Forum Discussion

aj_102030's avatar
aj_102030
Icon for Nimbostratus rankNimbostratus
Feb 08, 2013

Health monitor fails for same pool members in multiple pools

Good Day

 

 

 

i am new to Dev central and hope my topic is related to this forum.....

 

 

we currently run a LTM v11.1.0 cluster..... There was a need to run the same pool members in multiple pools. These pool members are a mixture of production pool members and HA pool members which we start up only to test or in an recovery event. What we have found that when these HA pool members have been down for a while and one enables them the health monitor fails, on some of them even the node icmp check fails. The work around that i use are on the default node icmp is to change it to NONE and then back to ICMP and then the node comes up, this does not always work if not, i have to delete the node and the pool member out of all the pools reverenced and re add it from scratch, i can't re call that we had this issue on version 9.4.8 so i am thinking it must be related to version 11

 

 

 

any assistance will be greatly appriciated

 

 

 

Regards

 

 

A

 

6 Replies

  • Are the HA nodes different to the production ones in any way? I take it they are not running all the time? How long have you waited after enabling the HA Pool Members.

     

     

    I'd suspect an ARP issue or similar here. Have you ever tried clearing the F5's TMM/LTM ARP cache? Is Reciprocol Update enabled?

     

     

    Keep in mind that even when disabled the device will continue to monitor Pool Members and perhaps, if they are unavailable for a long time, retries max out etc.
  • Just for the curiosity, why did you decide to use same pool members on different pools?

     

     

    If you set a monitor also at the pool level then you actually are monitoring several times the same servers, .i.e. A Monitor from every single pool that contains the reused pool members and also the node defined check.

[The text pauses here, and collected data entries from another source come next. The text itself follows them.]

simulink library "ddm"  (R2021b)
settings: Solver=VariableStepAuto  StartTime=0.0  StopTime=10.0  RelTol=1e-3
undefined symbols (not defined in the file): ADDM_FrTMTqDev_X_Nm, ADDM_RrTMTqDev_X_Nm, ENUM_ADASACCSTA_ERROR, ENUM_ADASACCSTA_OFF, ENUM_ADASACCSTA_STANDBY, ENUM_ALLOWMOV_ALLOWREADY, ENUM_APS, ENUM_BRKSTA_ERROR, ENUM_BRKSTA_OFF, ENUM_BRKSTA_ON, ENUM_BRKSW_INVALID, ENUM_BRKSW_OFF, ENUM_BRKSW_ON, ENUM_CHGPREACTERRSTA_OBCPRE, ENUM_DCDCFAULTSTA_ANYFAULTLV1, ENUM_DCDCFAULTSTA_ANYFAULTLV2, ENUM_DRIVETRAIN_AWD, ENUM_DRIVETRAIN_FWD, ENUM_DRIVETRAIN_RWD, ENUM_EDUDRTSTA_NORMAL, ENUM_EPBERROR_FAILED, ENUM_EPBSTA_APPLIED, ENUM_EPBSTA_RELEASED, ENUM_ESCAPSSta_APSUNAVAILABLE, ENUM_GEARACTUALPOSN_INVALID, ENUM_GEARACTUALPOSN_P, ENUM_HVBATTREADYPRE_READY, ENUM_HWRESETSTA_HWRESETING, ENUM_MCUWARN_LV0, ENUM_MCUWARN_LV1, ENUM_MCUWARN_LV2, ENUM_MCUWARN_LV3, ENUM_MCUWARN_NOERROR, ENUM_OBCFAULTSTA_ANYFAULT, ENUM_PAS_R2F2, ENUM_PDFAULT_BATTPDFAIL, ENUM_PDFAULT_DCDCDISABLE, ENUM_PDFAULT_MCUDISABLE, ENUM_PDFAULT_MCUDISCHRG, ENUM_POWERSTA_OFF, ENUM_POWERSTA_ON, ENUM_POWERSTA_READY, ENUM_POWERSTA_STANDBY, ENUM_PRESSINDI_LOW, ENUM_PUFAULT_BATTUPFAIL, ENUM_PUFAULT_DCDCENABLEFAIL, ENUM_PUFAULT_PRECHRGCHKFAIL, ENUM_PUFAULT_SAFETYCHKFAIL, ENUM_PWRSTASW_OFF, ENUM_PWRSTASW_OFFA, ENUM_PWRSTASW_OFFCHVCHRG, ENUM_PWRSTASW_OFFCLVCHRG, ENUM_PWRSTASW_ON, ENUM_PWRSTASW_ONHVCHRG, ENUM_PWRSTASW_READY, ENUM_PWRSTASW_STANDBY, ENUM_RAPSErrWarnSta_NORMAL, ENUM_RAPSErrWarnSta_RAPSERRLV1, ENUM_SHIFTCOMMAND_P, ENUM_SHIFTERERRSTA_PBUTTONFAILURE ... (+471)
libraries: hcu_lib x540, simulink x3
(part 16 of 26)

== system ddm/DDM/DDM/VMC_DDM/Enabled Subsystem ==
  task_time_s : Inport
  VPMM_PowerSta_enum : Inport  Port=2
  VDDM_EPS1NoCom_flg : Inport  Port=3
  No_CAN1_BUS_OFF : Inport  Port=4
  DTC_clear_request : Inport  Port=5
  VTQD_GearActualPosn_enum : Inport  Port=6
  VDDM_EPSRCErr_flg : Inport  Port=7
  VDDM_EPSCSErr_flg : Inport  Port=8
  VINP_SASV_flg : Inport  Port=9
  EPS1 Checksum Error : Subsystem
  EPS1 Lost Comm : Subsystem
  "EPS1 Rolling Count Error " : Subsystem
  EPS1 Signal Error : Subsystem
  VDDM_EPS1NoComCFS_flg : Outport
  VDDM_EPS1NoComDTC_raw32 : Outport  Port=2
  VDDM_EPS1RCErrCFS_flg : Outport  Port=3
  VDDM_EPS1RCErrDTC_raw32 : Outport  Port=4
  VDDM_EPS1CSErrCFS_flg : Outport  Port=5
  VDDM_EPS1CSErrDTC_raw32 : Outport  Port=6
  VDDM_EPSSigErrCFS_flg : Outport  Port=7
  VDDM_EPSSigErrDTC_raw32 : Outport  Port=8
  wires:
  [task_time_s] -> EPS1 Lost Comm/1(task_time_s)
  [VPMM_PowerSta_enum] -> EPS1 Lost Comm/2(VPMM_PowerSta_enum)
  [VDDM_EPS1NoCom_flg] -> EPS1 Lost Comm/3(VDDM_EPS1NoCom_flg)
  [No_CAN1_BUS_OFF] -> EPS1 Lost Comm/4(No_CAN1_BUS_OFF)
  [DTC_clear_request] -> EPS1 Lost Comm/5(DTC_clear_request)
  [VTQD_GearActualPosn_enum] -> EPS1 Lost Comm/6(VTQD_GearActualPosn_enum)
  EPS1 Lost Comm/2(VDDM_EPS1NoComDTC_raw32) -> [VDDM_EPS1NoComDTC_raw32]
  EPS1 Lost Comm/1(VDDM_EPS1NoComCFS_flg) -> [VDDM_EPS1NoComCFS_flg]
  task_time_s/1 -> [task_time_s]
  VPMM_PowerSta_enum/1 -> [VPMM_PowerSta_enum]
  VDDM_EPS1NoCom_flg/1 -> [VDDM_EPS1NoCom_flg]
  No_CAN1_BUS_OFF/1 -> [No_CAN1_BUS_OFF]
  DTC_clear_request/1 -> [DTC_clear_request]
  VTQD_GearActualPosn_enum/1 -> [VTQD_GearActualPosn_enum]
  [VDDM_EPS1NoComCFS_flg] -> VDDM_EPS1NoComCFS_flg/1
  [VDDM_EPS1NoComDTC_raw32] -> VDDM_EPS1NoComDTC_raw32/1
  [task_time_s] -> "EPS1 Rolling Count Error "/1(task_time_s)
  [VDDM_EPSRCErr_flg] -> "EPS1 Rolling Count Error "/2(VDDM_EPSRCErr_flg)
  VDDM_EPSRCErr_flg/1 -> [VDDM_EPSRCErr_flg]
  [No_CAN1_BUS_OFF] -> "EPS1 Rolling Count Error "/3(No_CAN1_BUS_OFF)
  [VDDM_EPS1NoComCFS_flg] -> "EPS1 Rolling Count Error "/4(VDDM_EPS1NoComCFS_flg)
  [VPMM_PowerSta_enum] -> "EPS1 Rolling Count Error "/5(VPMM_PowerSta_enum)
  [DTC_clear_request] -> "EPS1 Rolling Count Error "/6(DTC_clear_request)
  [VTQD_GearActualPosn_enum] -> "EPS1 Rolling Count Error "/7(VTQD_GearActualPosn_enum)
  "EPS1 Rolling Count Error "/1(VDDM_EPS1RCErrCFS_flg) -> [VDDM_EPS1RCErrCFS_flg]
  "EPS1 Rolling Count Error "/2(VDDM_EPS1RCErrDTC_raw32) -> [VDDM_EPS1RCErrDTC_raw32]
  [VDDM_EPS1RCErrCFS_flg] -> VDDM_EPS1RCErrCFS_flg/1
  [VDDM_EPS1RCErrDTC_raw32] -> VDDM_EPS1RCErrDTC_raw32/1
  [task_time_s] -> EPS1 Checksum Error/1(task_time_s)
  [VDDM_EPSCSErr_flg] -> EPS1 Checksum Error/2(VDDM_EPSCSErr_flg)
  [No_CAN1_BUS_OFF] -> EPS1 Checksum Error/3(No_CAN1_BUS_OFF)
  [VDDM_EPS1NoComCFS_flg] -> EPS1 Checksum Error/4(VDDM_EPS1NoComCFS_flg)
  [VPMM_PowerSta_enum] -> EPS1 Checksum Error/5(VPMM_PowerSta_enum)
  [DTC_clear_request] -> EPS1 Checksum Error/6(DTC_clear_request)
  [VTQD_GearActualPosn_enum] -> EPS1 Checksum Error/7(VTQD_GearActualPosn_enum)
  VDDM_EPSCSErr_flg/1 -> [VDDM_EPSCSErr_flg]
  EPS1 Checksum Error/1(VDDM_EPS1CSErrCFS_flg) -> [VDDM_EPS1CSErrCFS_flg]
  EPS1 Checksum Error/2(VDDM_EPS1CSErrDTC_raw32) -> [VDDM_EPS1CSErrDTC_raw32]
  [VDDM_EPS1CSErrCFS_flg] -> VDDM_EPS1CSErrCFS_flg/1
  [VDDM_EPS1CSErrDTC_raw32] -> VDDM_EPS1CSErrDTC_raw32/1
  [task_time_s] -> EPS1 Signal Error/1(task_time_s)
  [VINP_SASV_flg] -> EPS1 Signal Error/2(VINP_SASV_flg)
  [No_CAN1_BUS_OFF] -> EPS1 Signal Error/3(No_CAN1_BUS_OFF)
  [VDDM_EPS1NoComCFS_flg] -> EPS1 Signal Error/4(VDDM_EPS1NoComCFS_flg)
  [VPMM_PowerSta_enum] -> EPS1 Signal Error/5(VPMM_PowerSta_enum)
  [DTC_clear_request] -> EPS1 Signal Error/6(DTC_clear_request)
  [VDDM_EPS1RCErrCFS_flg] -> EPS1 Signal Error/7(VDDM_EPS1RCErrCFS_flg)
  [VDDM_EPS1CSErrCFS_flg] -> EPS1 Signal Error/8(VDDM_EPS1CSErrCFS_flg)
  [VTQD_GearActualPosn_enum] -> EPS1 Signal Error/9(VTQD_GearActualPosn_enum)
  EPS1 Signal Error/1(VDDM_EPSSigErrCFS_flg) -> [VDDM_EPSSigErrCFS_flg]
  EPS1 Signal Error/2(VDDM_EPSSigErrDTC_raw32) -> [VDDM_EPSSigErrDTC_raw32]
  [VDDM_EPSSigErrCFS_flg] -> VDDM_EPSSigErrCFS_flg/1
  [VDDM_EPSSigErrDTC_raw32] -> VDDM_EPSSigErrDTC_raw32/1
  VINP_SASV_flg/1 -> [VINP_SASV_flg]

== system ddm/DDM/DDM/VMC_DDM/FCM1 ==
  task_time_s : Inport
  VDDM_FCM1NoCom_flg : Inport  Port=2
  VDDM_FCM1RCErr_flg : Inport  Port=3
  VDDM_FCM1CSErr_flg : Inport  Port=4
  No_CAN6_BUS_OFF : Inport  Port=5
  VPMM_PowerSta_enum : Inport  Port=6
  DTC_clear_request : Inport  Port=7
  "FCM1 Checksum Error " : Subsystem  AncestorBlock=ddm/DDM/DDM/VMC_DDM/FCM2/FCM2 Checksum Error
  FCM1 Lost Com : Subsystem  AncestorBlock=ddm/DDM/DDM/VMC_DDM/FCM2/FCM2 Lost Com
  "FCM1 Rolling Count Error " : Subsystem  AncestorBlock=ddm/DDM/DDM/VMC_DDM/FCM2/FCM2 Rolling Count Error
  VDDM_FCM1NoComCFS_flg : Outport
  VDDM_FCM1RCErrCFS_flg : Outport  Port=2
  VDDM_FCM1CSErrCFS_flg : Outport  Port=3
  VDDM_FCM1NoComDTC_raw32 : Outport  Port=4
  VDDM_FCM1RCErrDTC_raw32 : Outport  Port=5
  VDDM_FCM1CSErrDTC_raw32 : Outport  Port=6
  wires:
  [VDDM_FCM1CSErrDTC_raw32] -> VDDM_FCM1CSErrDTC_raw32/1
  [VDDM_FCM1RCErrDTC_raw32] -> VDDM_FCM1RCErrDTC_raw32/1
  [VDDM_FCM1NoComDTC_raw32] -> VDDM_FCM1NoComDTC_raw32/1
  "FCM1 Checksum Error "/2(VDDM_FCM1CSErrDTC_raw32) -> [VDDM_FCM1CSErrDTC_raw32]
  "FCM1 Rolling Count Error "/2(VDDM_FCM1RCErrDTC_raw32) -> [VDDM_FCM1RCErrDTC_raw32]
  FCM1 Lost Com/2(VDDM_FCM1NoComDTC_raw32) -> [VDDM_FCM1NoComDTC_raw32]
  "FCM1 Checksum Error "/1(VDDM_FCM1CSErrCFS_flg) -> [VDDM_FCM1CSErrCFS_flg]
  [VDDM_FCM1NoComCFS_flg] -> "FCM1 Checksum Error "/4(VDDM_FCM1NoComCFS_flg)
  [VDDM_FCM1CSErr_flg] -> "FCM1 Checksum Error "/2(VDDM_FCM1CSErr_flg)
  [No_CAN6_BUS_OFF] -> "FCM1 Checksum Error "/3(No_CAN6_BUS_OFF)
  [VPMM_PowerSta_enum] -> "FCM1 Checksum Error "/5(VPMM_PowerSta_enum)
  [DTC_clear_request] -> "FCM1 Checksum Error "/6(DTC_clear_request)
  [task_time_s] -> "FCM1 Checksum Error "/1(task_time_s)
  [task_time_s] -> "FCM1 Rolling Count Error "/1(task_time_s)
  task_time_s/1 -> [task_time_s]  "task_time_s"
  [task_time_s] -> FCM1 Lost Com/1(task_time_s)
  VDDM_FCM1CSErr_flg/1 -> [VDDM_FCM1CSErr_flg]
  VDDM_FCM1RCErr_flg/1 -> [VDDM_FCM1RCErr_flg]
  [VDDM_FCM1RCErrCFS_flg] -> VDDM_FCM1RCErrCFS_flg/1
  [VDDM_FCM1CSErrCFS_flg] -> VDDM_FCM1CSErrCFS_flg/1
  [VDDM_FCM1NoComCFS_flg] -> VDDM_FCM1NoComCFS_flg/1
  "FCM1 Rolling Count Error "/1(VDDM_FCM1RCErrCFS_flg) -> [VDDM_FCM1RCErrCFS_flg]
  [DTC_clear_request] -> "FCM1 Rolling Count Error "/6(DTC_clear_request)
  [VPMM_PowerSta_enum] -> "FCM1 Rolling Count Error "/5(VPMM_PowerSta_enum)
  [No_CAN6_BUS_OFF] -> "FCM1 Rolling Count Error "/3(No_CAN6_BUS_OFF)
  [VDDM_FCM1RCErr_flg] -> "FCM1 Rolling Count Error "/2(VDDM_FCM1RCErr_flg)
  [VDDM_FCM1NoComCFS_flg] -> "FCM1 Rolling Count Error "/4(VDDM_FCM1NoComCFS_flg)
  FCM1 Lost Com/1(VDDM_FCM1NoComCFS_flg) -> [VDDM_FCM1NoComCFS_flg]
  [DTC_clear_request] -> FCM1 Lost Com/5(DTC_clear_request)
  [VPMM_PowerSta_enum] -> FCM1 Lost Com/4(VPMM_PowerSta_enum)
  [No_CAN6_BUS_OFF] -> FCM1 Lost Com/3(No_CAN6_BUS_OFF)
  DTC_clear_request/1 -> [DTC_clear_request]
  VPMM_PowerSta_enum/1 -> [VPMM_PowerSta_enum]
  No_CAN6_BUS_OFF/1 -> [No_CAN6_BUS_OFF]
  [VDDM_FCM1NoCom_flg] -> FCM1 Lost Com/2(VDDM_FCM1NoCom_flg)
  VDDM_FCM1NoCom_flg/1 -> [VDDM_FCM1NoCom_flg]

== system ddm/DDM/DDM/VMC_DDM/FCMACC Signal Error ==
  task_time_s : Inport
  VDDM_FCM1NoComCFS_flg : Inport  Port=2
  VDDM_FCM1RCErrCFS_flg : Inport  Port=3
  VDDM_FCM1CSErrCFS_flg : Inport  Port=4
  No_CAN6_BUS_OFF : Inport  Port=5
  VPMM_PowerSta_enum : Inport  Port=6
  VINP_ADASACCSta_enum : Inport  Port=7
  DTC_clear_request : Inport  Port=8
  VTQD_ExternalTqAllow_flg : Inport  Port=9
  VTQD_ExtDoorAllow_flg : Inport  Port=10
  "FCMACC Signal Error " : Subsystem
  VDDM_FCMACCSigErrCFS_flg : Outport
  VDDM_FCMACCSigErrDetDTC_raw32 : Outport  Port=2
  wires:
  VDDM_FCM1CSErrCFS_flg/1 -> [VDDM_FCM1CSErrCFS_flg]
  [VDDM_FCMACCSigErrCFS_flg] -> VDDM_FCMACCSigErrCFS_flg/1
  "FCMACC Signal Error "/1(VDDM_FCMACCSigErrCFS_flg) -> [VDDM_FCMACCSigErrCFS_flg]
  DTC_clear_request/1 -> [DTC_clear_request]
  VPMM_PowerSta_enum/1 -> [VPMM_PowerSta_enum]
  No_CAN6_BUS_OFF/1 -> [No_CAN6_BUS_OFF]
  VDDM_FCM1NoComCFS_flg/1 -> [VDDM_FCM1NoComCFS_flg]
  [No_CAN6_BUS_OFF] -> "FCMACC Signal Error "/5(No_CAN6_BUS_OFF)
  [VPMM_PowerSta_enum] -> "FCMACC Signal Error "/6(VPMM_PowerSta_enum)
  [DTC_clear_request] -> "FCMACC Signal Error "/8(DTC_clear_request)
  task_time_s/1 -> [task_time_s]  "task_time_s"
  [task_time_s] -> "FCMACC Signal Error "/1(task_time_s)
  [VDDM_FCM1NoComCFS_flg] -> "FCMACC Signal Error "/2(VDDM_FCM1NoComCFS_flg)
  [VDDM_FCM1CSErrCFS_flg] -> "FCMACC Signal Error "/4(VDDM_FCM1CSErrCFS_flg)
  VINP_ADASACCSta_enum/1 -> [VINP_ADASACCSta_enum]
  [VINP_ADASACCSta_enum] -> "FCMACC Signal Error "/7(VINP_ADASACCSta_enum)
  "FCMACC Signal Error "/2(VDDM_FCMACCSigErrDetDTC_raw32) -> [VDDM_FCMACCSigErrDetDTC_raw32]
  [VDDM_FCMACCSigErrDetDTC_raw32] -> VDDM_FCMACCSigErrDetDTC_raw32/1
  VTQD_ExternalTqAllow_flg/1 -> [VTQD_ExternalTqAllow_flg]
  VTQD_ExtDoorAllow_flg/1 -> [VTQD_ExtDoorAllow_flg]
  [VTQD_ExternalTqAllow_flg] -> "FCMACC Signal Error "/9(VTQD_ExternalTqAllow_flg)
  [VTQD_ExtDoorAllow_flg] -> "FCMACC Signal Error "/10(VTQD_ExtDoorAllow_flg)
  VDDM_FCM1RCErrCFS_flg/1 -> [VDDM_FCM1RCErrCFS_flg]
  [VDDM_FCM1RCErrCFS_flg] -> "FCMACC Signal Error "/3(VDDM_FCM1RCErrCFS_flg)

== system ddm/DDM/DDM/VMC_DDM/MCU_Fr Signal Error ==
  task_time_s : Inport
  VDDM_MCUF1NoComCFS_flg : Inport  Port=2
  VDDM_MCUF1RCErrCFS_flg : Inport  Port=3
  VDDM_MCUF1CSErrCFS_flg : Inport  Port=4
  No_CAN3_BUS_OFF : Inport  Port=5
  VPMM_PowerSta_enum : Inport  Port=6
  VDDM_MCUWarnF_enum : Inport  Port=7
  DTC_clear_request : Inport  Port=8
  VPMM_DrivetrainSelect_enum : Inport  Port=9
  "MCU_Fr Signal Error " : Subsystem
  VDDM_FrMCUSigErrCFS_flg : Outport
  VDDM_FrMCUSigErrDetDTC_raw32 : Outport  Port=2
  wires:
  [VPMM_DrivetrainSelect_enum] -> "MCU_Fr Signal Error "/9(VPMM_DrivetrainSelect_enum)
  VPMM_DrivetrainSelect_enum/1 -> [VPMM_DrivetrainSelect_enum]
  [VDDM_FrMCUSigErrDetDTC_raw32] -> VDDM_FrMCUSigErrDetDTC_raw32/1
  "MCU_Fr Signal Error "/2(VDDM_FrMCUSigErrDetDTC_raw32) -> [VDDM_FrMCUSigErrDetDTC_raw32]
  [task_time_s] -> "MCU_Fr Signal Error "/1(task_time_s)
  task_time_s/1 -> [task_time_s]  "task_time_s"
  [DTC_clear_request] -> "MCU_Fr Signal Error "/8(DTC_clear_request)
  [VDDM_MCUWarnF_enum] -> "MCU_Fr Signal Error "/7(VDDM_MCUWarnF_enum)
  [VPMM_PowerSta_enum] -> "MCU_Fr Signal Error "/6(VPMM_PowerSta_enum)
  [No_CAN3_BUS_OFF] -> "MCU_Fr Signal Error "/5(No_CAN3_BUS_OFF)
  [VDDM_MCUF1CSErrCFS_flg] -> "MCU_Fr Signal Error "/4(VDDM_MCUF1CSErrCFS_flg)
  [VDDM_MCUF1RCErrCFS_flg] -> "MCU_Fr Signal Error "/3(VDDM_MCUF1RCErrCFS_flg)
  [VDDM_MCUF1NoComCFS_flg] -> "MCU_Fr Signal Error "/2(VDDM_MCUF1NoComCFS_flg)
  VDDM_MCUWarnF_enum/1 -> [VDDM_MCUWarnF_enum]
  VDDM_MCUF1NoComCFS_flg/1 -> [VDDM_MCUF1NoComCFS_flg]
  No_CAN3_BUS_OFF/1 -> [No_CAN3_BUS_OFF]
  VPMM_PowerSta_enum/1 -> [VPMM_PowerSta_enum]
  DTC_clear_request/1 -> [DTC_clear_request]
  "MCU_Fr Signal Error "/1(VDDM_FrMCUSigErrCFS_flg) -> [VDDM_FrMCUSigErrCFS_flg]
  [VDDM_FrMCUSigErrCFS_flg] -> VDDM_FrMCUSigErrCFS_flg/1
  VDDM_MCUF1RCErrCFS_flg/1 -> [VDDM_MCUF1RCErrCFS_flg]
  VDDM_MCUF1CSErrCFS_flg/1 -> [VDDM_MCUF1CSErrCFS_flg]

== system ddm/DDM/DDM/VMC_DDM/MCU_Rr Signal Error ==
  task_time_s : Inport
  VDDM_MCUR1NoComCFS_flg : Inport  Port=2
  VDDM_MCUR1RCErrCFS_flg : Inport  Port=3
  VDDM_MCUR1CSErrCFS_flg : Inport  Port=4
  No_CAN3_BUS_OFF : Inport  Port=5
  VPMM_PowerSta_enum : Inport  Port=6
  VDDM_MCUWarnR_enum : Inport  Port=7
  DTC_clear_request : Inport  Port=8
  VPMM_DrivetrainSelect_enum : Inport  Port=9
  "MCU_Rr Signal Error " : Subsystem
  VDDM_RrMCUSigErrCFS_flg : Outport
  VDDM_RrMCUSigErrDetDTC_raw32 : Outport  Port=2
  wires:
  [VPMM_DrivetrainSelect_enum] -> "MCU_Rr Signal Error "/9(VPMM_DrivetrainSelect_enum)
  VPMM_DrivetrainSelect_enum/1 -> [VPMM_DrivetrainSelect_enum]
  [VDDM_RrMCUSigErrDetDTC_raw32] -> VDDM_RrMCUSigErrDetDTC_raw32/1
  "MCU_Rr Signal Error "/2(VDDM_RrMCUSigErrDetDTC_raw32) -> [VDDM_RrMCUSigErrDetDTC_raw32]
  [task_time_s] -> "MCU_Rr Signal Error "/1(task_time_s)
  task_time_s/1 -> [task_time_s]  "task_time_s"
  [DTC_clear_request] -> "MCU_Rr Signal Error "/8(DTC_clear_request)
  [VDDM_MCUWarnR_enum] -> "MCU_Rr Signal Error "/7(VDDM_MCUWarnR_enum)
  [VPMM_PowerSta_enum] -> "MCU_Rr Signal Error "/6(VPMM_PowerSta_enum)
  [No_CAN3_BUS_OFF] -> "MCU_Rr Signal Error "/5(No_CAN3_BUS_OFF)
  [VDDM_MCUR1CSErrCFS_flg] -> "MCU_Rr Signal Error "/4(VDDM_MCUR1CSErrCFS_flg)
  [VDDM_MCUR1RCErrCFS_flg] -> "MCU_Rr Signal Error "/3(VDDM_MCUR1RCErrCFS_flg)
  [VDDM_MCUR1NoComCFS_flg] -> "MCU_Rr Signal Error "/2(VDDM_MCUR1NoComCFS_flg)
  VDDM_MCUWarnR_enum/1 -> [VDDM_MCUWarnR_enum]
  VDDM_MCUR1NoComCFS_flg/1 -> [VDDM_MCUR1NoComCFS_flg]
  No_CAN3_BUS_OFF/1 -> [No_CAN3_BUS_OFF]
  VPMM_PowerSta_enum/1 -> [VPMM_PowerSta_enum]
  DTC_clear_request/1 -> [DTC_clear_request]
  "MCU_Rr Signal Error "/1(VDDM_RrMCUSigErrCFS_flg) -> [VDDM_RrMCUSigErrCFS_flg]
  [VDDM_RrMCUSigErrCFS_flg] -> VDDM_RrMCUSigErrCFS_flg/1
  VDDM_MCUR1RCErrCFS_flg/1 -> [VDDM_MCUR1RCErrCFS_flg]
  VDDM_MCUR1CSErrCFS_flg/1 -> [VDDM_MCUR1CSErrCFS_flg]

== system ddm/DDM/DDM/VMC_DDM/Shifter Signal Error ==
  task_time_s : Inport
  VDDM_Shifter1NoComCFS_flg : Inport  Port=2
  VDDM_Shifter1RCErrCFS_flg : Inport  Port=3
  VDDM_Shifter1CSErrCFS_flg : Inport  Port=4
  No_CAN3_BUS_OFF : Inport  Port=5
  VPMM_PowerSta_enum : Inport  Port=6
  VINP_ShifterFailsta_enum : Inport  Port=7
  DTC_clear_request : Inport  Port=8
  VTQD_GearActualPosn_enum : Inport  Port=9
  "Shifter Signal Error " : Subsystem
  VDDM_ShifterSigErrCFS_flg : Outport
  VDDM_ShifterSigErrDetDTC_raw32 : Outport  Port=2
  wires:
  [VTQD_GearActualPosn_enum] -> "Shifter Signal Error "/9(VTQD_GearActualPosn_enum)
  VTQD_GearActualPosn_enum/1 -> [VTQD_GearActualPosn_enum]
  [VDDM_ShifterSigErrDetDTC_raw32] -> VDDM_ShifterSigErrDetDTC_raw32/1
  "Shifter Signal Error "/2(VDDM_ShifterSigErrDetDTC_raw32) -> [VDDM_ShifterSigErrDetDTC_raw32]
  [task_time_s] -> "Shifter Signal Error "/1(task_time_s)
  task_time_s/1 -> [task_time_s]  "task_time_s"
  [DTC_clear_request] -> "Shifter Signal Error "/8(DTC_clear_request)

This doesn't sound good.

     

     

    Why not to reuse the pool with differente VS?

     

     

    Regards!

     

     

  • Hi Guys

     

     

     

    the HA nodes are the Production nodes are identical, what will happen is that the production VM's will be clonned and moved to the DR site,

     

    even though the same pool members are used in mulitple pools, the pools are not identical, one pool will have production nodes and HA nodes were as the other pool will only have the HA nodes, the reason for this is in a event that the front end production nodes is under strain we will bring up the HA nodes, this additional front ends could cause strain on the SQL backend, when this happens they will brake the sql repliction between the sql clusters and we will bring up the the 2nd pool that consist of just the HA nodes they will then talk to a different sql cluster to eleviate the load.

     

     

    Reciprocol Update is enabled,

     

     

    i have for now disabled the node checks for these HA nodes, there is a scheduled DR run on the 23rd Feb and then i will be able to see if this makes a difference

     

     

     

    Regards

     

     

    A
  • Particularly knowing VMs are involved, I really would try clearing the device ARP cache as a first measure when bringing up the HA servers.